**Aim of the exercise:** Would you give the listing again exactly as written, minus its pictures?

**Material provided:**
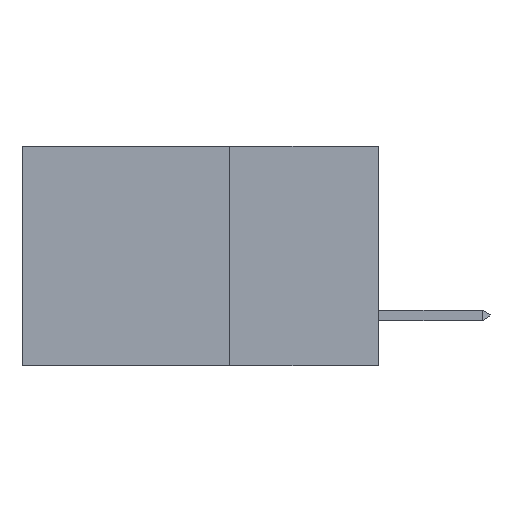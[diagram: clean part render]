
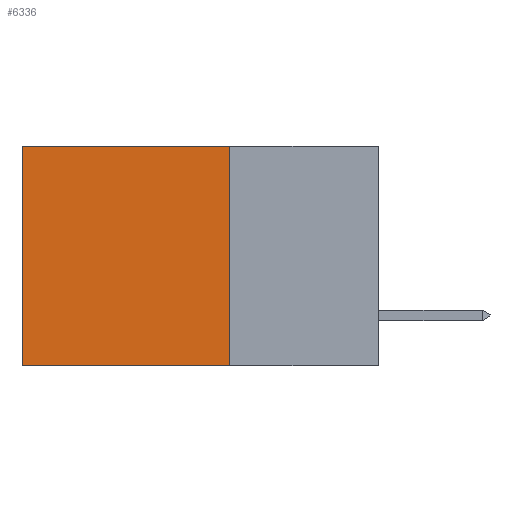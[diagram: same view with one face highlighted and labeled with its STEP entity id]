
A CAD part, left-side view. The second image highlights one B-rep face of the part: STEP entity #6336.
In plain terms, the highlighted planar face has unit normal (-1, 0, 0).
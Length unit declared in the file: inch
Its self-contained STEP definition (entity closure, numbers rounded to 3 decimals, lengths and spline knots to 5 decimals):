
#154 = CARTESIAN_POINT ( 'NONE',  ( 0.2615, 0.25, 0. ) ) ;
#432 = DIRECTION ( 'NONE',  ( 0., 0., -1. ) ) ;
#1029 = CARTESIAN_POINT ( 'NONE',  ( 0.2615, 0.6, 0. ) ) ;
#1057 = ORIENTED_EDGE ( 'NONE', *, *, #6200, .F. ) ;
#1387 = VERTEX_POINT ( 'NONE', #1029 ) ;
#1771 = LINE ( 'NONE', #154, #9163 ) ;
#2238 = VECTOR ( 'NONE', #432, 39.37008 ) ;
#2436 = LINE ( 'NONE', #8507, #4949 ) ;
#2617 = CARTESIAN_POINT ( 'NONE',  ( 0.2615, 0.6, -0.37 ) ) ;
#2662 = ORIENTED_EDGE ( 'NONE', *, *, #9407, .T. ) ;
#2766 = VECTOR ( 'NONE', #3413, 39.37008 ) ;
#3147 = EDGE_CURVE ( 'NONE', #1387, #10351, #3970, .T. ) ;
#3357 = VERTEX_POINT ( 'NONE', #4307 ) ;
#3413 = DIRECTION ( 'NONE',  ( 0., 0., -1. ) ) ;
#3717 = ORIENTED_EDGE ( 'NONE', *, *, #3147, .T. ) ;
#3970 = LINE ( 'NONE', #10149, #2238 ) ;
#4083 = DIRECTION ( 'NONE',  ( 0., 1., 0. ) ) ;
#4149 = CARTESIAN_POINT ( 'NONE',  ( 0.2615, 0.25, -0.37 ) ) ;
#4307 = CARTESIAN_POINT ( 'NONE',  ( 0.2615, 0.25, 0. ) ) ;
#4757 = ORIENTED_EDGE ( 'NONE', *, *, #5606, .F. ) ;
#4949 = VECTOR ( 'NONE', #4083, 39.37008 ) ;
#5228 = DIRECTION ( 'NONE',  ( 0., 1., 0. ) ) ;
#5606 = EDGE_CURVE ( 'NONE', #6856, #10351, #2436, .T. ) ;
#5715 = CARTESIAN_POINT ( 'NONE',  ( 0.2615, 0.25, -0.37 ) ) ;
#5908 = AXIS2_PLACEMENT_3D ( 'NONE', #4149, #8519, #10325 ) ;
#6200 = EDGE_CURVE ( 'NONE', #3357, #6856, #9579, .T. ) ;
#6336 = ADVANCED_FACE ( 'NONE', ( #11338 ), #6829, .F. ) ;
#6829 = PLANE ( 'NONE',  #5908 ) ;
#6856 = VERTEX_POINT ( 'NONE', #5715 ) ;
#8507 = CARTESIAN_POINT ( 'NONE',  ( 0.2615, 0.25, -0.37 ) ) ;
#8519 = DIRECTION ( 'NONE',  ( 1., 0., 0. ) ) ;
#9163 = VECTOR ( 'NONE', #5228, 39.37008 ) ;
#9407 = EDGE_CURVE ( 'NONE', #3357, #1387, #1771, .T. ) ;
#9448 = EDGE_LOOP ( 'NONE', ( #3717, #4757, #1057, #2662 ) ) ;
#9579 = LINE ( 'NONE', #10389, #2766 ) ;
#10149 = CARTESIAN_POINT ( 'NONE',  ( 0.2615, 0.6, -0.37 ) ) ;
#10325 = DIRECTION ( 'NONE',  ( 0., 0., -1. ) ) ;
#10351 = VERTEX_POINT ( 'NONE', #2617 ) ;
#10389 = CARTESIAN_POINT ( 'NONE',  ( 0.2615, 0.25, -0.37 ) ) ;
#11338 = FACE_OUTER_BOUND ( 'NONE', #9448, .T. ) ;

**Written response:**
[diagram: clean part render]
[diagram: same view with one face highlighted and labeled with its STEP entity id]
A CAD part, left-side view. The second image highlights one B-rep face of the part: STEP entity #6336.
In plain terms, the highlighted planar face has unit normal (-1, 0, 0).
Length unit declared in the file: inch
Its self-contained STEP definition (entity closure, numbers rounded to 3 decimals, lengths and spline knots to 5 decimals):
#154 = CARTESIAN_POINT ( 'NONE',  ( 0.2615, 0.25, 0. ) ) ;
#432 = DIRECTION ( 'NONE',  ( 0., 0., -1. ) ) ;
#1029 = CARTESIAN_POINT ( 'NONE',  ( 0.2615, 0.6, 0. ) ) ;
#1057 = ORIENTED_EDGE ( 'NONE', *, *, #6200, .F. ) ;
#1387 = VERTEX_POINT ( 'NONE', #1029 ) ;
#1771 = LINE ( 'NONE', #154, #9163 ) ;
#2238 = VECTOR ( 'NONE', #432, 39.37008 ) ;
#2436 = LINE ( 'NONE', #8507, #4949 ) ;
#2617 = CARTESIAN_POINT ( 'NONE',  ( 0.2615, 0.6, -0.37 ) ) ;
#2662 = ORIENTED_EDGE ( 'NONE', *, *, #9407, .T. ) ;
#2766 = VECTOR ( 'NONE', #3413, 39.37008 ) ;
#3147 = EDGE_CURVE ( 'NONE', #1387, #10351, #3970, .T. ) ;
#3357 = VERTEX_POINT ( 'NONE', #4307 ) ;
#3413 = DIRECTION ( 'NONE',  ( 0., 0., -1. ) ) ;
#3717 = ORIENTED_EDGE ( 'NONE', *, *, #3147, .T. ) ;
#3970 = LINE ( 'NONE', #10149, #2238 ) ;
#4083 = DIRECTION ( 'NONE',  ( 0., 1., 0. ) ) ;
#4149 = CARTESIAN_POINT ( 'NONE',  ( 0.2615, 0.25, -0.37 ) ) ;
#4307 = CARTESIAN_POINT ( 'NONE',  ( 0.2615, 0.25, 0. ) ) ;
#4757 = ORIENTED_EDGE ( 'NONE', *, *, #5606, .F. ) ;
#4949 = VECTOR ( 'NONE', #4083, 39.37008 ) ;
#5228 = DIRECTION ( 'NONE',  ( 0., 1., 0. ) ) ;
#5606 = EDGE_CURVE ( 'NONE', #6856, #10351, #2436, .T. ) ;
#5715 = CARTESIAN_POINT ( 'NONE',  ( 0.2615, 0.25, -0.37 ) ) ;
#5908 = AXIS2_PLACEMENT_3D ( 'NONE', #4149, #8519, #10325 ) ;
#6200 = EDGE_CURVE ( 'NONE', #3357, #6856, #9579, .T. ) ;
#6336 = ADVANCED_FACE ( 'NONE', ( #11338 ), #6829, .F. ) ;
#6829 = PLANE ( 'NONE',  #5908 ) ;
#6856 = VERTEX_POINT ( 'NONE', #5715 ) ;
#8507 = CARTESIAN_POINT ( 'NONE',  ( 0.2615, 0.25, -0.37 ) ) ;
#8519 = DIRECTION ( 'NONE',  ( 1., 0., 0. ) ) ;
#9163 = VECTOR ( 'NONE', #5228, 39.37008 ) ;
#9407 = EDGE_CURVE ( 'NONE', #3357, #1387, #1771, .T. ) ;
#9448 = EDGE_LOOP ( 'NONE', ( #3717, #4757, #1057, #2662 ) ) ;
#9579 = LINE ( 'NONE', #10389, #2766 ) ;
#10149 = CARTESIAN_POINT ( 'NONE',  ( 0.2615, 0.6, -0.37 ) ) ;
#10325 = DIRECTION ( 'NONE',  ( 0., 0., -1. ) ) ;
#10351 = VERTEX_POINT ( 'NONE', #2617 ) ;
#10389 = CARTESIAN_POINT ( 'NONE',  ( 0.2615, 0.25, -0.37 ) ) ;
#11338 = FACE_OUTER_BOUND ( 'NONE', #9448, .T. ) ;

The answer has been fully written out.